## Exercise requirements
Every line in the entries that holds "blind" should be identified and copied.

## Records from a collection
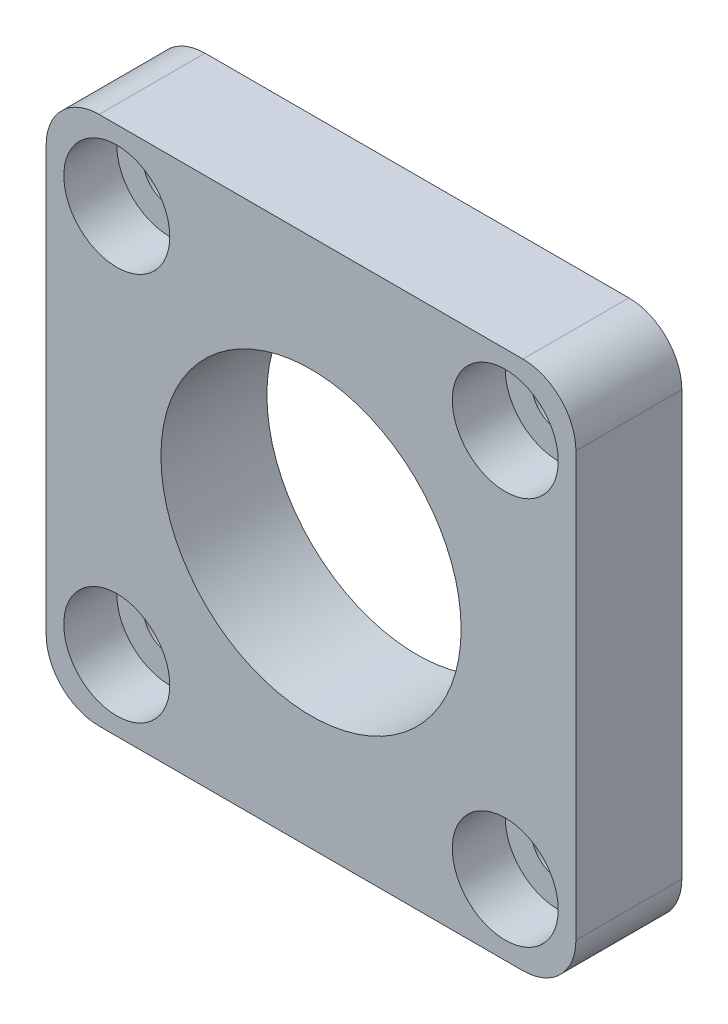
SolidWorks part; units mm, degrees
ref_plane "Front Plane" through (0, 0, 0) normal (0, 0, 1) x (1, 0, 0)
ref_plane "Top Plane" through (0, 0, 0) normal (0, 1, 0) x (1, 0, 0)
ref_plane "Right Plane" through (0, 0, 0) normal (1, 0, 0) x (0, 0, -1)
sketch "Sketch1" plane through (0, 0, 0) normal (0, 0, 1) x (1, 0, 0)
  line L1 (-15, -15) -> (15, -15)
  line L2 (-15, -15) -> (-15, 15)
  line L3 (-15, 15) -> (15, 15)
  line L4 (15, -15) -> (15, 15)
  line L5 (-15, -15) -> (15, 15) construction
  line L6 (-15, 15) -> (15, -15) construction
  circle A0 centre (0, 0) radius 8.5
  point P0 (0, 0)
  dimension "D3" = 17
  dimension "D1" = 30
  dimension "D2" = 30
extrude "Boss-Extrude1" add sketch "Sketch1" along normal blind 6
sketch "Sketch3" plane through (0, 0, 6) normal (0, 0, 1) x (1, 0, 0)
  line L1 (-11, -11) -> (11, -11) construction
  line L2 (-11, -11) -> (-11, 11) construction
  line L3 (-11, 11) -> (11, 11) construction
  line L4 (11, -11) -> (11, 11) construction
  line L5 (-11, -11) -> (11, 11) construction
  line L6 (-11, 11) -> (11, -11) construction
  circle A0 centre (-11, 11) radius 1.5
  circle A1 centre (11, 11) radius 1.5
  circle A2 centre (11, -11) radius 1.5
  circle A3 centre (-11, -11) radius 1.5
  point P0 (0, 0)
  dimension "D3" = 3
  dimension "D4" = 3
  dimension "D5" = 3
  dimension "D6" = 3
  dimension "D1" = 22
  dimension "D2" = 22
extrude "Cut-Extrude2" cut sketch "Sketch3" against normal through all
sketch "Sketch4" plane through (0, 0, 6) normal (0, 0, 1) x (1, 0, 0)
  circle A0 centre (-11, 11) radius 3
  circle A1 centre (11, 11) radius 3
  circle A2 centre (11, -11) radius 3
  circle A3 centre (-11, -11) radius 3
  dimension "D1" = 6
  dimension "D2" = 6
  dimension "D3" = 6
  dimension "D4" = 6
extrude "Cut-Extrude3" cut sketch "Sketch4" against normal blind 3
fillet "Fillet1" radius 3 4 edges at (-15, -15, 3) (15, -15, 3) (15, 15, 3) (-15, 15, 3)

## Solution for this task
extrude "Boss-Extrude1" add sketch "Sketch1" along normal blind 6
extrude "Cut-Extrude3" cut sketch "Sketch4" against normal blind 3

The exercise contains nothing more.